Exercise goal — Please copy the records below word for word, leaving out the pictures.

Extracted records
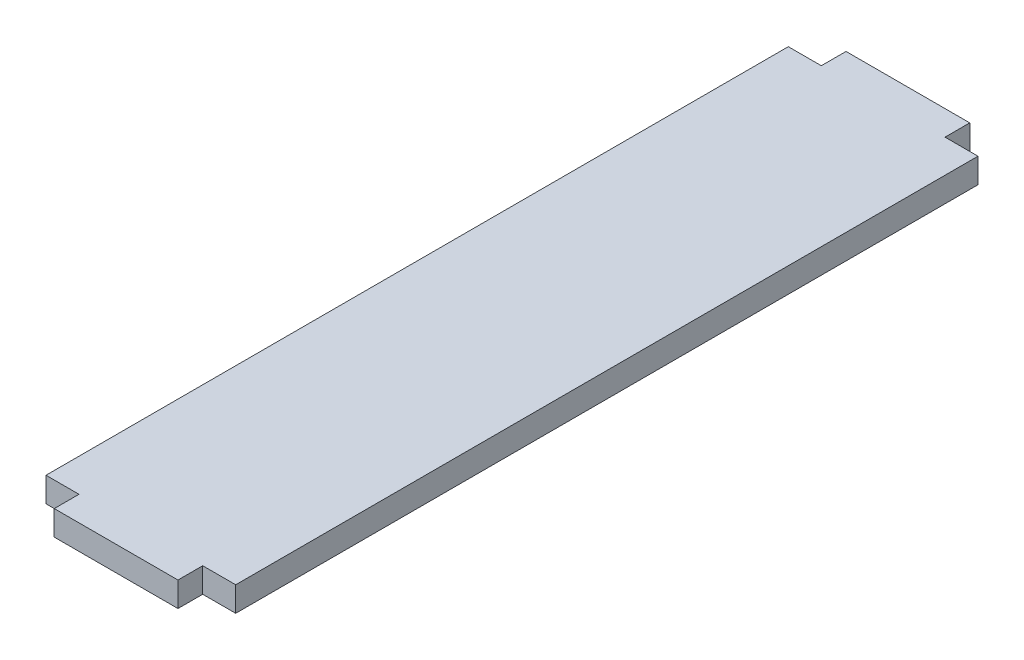
from build123d import *

# Parameters (mm, degrees)
BOSS_EXTRUDE1_DEPTH = 1.5


with BuildPart() as part:
    # Sketch1 → Boss-Extrude1 (new body)
    with BuildSketch(Plane(origin=(0, 0, 0), x_dir=(1, 0, 0), z_dir=(0, 1, 0))):
        Polygon((3.75, 22.5), (5.75, 22.5), (5.75, -22.5), (3.75, -22.5), (3.75, -24), (-3.75, -24), (-3.75, -22.5), (-5.75, -22.5), (-5.75, 22.5), (-3.75, 22.5), (-3.75, 24), (3.75, 24), align=None)
    extrude(amount=BOSS_EXTRUDE1_DEPTH)


solid = part.part

Reply to the exercise —
from build123d import *

# Parameters (mm, degrees)
BOSS_EXTRUDE1_DEPTH = 1.5


with BuildPart() as part:
    # Sketch1 → Boss-Extrude1 (new body)
    with BuildSketch(Plane(origin=(0, 0, 0), x_dir=(1, 0, 0), z_dir=(0, 1, 0))):
        Polygon((3.75, 22.5), (5.75, 22.5), (5.75, -22.5), (3.75, -22.5), (3.75, -24), (-3.75, -24), (-3.75, -22.5), (-5.75, -22.5), (-5.75, 22.5), (-3.75, 22.5), (-3.75, 24), (3.75, 24), align=None)
    extrude(amount=BOSS_EXTRUDE1_DEPTH)


solid = part.part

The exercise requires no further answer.